# SHould I remove the seal?



## Jamez (Feb 13, 2013)

Hello there new to the site and new to bottle collecting. Great site yall got here   I recently acquired a bunch of bottles at an auction for the purpose or reselling but after going thru them I caught the bug and decided to keep a bunch lol I was wondering on the pictured bottles would it diminish their values if I remover the lables that went over the cork? They are barely there and I think they would clean up nice that way buy I wouldn't want to diminish their value incase I would ever want to sell or trade them  Thanks for any help


----------



## epackage (Feb 13, 2013)

Welcome to the site, don't remove anything....Jim


----------



## bucky902 (Feb 13, 2013)

> Welcome to the site, don't remove anything....Jim


 
 I agree leave them be


----------



## Jamez (Feb 13, 2013)

Ok I will do that    thanks for the advice


----------



## mctaggart67 (Feb 13, 2013)

The "cork" labels are an integral part of the bottle's history. Keep em'! By the way, what is printed on them? Pics?


----------



## cowseatmaize (Feb 14, 2013)

Welcome Jamez


> By the way, what is printed on them?


That's what I was wondering. They look like tax stamps and if they're dated it might help you with age. Are the bottles embossed with the Gargling Oil name.
 I'm a little suspicious of the labels and the amethyst color of the front one but I admit I'm not too familiar with the gargling oils. 
 Can you get some clearer pictures, my eyes see blurry to start with.


----------



## bostaurus (Feb 14, 2013)

That one on the right looks like it might be blue...kind of hard to tell though.


----------



## Jamez (Feb 19, 2013)

Yea ones a dark green and a cobalt blue Both have decent lables and both have the embossing on the back. The green gots a good cork label but all I can make out is the signature that they put on it. The blue has the remains of a cork label but just barely and black and dirty, that was the cork label  I was really wanting to scrape off because its such bad condition and I thought it would look better in the light with the glass exposed. Thanks for all the advice sorry such a late reply


----------



## Sir.Bottles (Feb 19, 2013)

The labels look intact & every letter is visible, I SAID LEAVE THEM BE! I only remove the label if less then 50% of it was readable.


----------



## Jamez (Feb 19, 2013)

Let me clarify I was only referring to the cork seal label. The main front labels are in beautiful condition and I wouldn't dream of removing them lol The cork seal label is probly only 60 percent there on the blue bottle and blackened with no visible writing


----------



## epackage (Feb 20, 2013)

Do not remove anything...[]


----------



## diggerdirect (Feb 20, 2013)

> The green gots a good cork label but all I can make out is the signature that they put on it. The blue has the remains of a cork label but just barely and black and dirty,


 



> Let me clarify I was only referring to the cork seal label. The main front labels are in beautiful condition and I wouldn't dream of removing them lol The cork seal label is probly only 60 percent there on the blue bottle and blackened with no visible writing


 
   If its ugly, distracting, blackened and no visible writing I cant imagine it adding anything to the value historical or otherwise, fact it would probably keep it down, or taking anything away from value if its removed. In all likelyhood it would increase its value, atleast its displayability value.

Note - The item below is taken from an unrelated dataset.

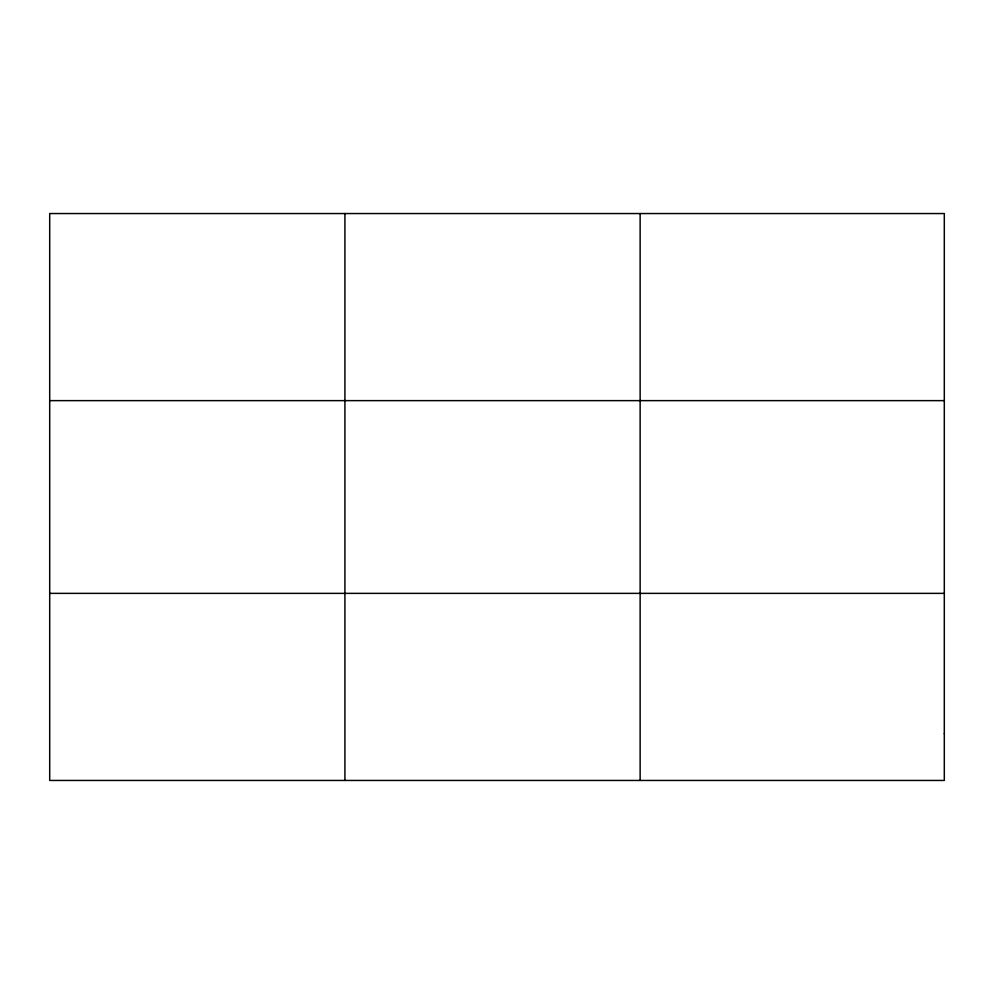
<?xml version="1.0" encoding="UTF-8"?>
<svg xmlns="http://www.w3.org/2000/svg" width="994" height="994" viewBox="0 0 994 994"><rect width="100%" height="100%" fill="white"/><g stroke="black" fill="none" stroke-linecap="round" stroke-linejoin="round"><path stroke-width="1.49" d="M344.918 213.548L344.918 780.452M640.136 213.548L640.136 780.452M49.7 400.632L944.3 400.632M49.7 593.368L944.3 593.368M944.3 733.684L944.3 780.452L49.7 780.452L49.7 213.548L944.3 213.548L944.3 733.684"/></g></svg>

 Sell it as is and the new owner finds a crack, ding, ping, zing or anything else under it when they remove it, you'll be a baaaadd seller, or atleast have the hassle of trying to make them happy.

 Maybe try to blot the blue bottles cork label with a damp cloth to clean it up some first, if its readable its worth keeping on but
 bottom line its your bottle, your call.

 That is a nice set of bottles!

 Al


----------



## frozenmonkeyface (Feb 22, 2013)

I wouldn't remove ANYTHING, but I am no expert. I would personally buy something that has all original labels and remove what I wanted. Just my personal opinion, again.. I am NO expert. =)


----------